Before June 15 deadline:

- [ ] Modal verifier deployed and endpoint URL confirmed working
- [ ] HF Space live and publicly accessible under `build-small-hackathon` org
- [ ] WebGPU model loads in Chrome without errors
- [ ] Token streaming visible in UI
- [ ] Rollback animation triggers on at least one FIX/REWRITE verdict
- [ ] Sandbox execution output shown in demo
- [ ] Demo video recorded and uploaded (YouTube unlisted or HF)
- [ ] Social media post published (Twitter/X or LinkedIn) with Space link and demo video
- [ ] README.md Space card complete with description, tags, and video embed
- [ ] Field Notes blog post published and linked in README

---

## 11. Known Gotchas

**WebGPU VRAM:** The 1.5B Q4 ONNX model needs ~1GB VRAM. On machines with integrated graphics sharing system RAM, this works but may be slow. Document the Chrome + dedicated GPU requirement.
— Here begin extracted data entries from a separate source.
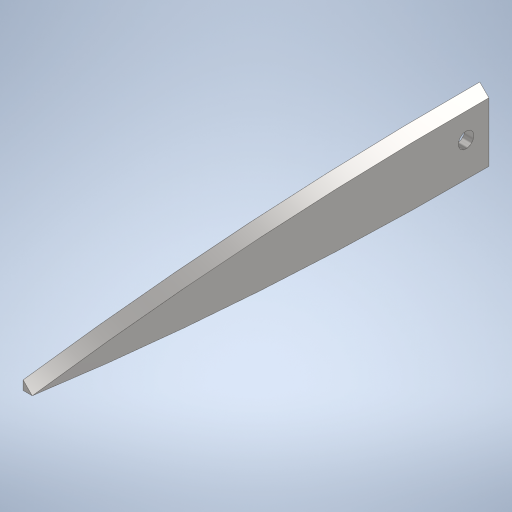
# Autodesk Inventor part: scissor
Saved by Autodesk Inventor 2024 (Build 280153000, 153)
## iProperties
Created: 2024-10-12
Part Number: scissor
Material: ステンレス鋼
Document SubType Name: Modeling
Designer: 1412z
Density: 8 g/cm^3
Appearance: 半つや出し
Author: 1412z
Autodesk Inventor part; units mm, degrees
ref_plane "YZ Plane" through (0, 0, 0) normal (1, 0, 0) x (0, 1, 0)
ref_plane "XZ Plane" through (0, 0, 0) normal (0, 1, 0) x (-1, 0, 0)
ref_plane "XY Plane" through (0, 0, 0) normal (0, 0, 1) x (1, 0, 0)
sketch "スケッチ1" plane through (0, 0, 0) normal (1, 0, 0) x (0, 1, 0)
  line L0 (0, 0) -> (15, 0)
  line L1 (7.5, 0) -> (7.5, 100)
  arc A0 (6.5, 100) -> (0, 0) centre (699.9841, 4.7123) ccw
  arc A1 (15, 0) -> (8.5, 100) centre (-684.9841, 4.7123) ccw
  line L2 (6.5, 100) -> (8.5, 100)
  dimension "d0" = 15
  dimension "d1" = 100
  dimension "d3" = 700
  dimension "d4" = 700
  constraints: 6 end point, 4 point on circle, 2 centre point, 2 horizontal, 1 midpoint, 1 vertical
  measures "d0" distance of L0.start L0.end
  measures "d1" distance of L1.start L1.end
  measures "d3" radius of A0
  measures "d4" radius of A1
extrude "押し出し1" add sketch "スケッチ1" against normal blind 2
chamfer "面取り1" distance 2 angle 45 1 edges at (0, 13.5418, 50.1165)
sketch "スケッチ2" plane through (0, 0, 0) normal (1, 0, 0) x (0, 0, -1)
  circle A0 centre (-5, 7.5) radius 1.7
  point P0 (0, 0)
  dimension "d10" = 3.4
  constraints: 1 centre point
  measures "d10" diameter of A0
extrude "押し出し2" cut sketch "スケッチ2" against normal blind 2

**CORS:** Modal's ASGI endpoints allow cross-origin by default, but if you hit CORS errors in the browser JS, add `fastapi.middleware.cors.CORSMiddleware` to the web_app with `allow_origins=["*"]`.

**transformers.js version:** Pin to `3.5.x`. Breaking changes in 3.x are frequent. The CDN import in `engine.js` uses the pinned version — don't use `@latest`.

**Gradio JS bridge:** The `gr.Button(visible=False)` trigger pattern is the cleanest way to fire a Python function from browser JS in Gradio 5.x without websocket hacks. Do not use `gr.Request` for this — it won't work from inside a custom HTML block.

**Modal Volume first deploy:** The volume download must complete before the verifier function can load the model. Run `download_model` manually once and confirm with `modal volume ls qwen-14b-volume /models` before deploying the endpoint.

**HF Space cold start:** HF Spaces themselves also cold start. If the Space hasn't been visited recently, Gradio takes 20–30 seconds to boot. Add a loading spinner at the Gradio level using `gr.HTML` with a brief "Space initializing..." message that auto-hides once the page is interactive.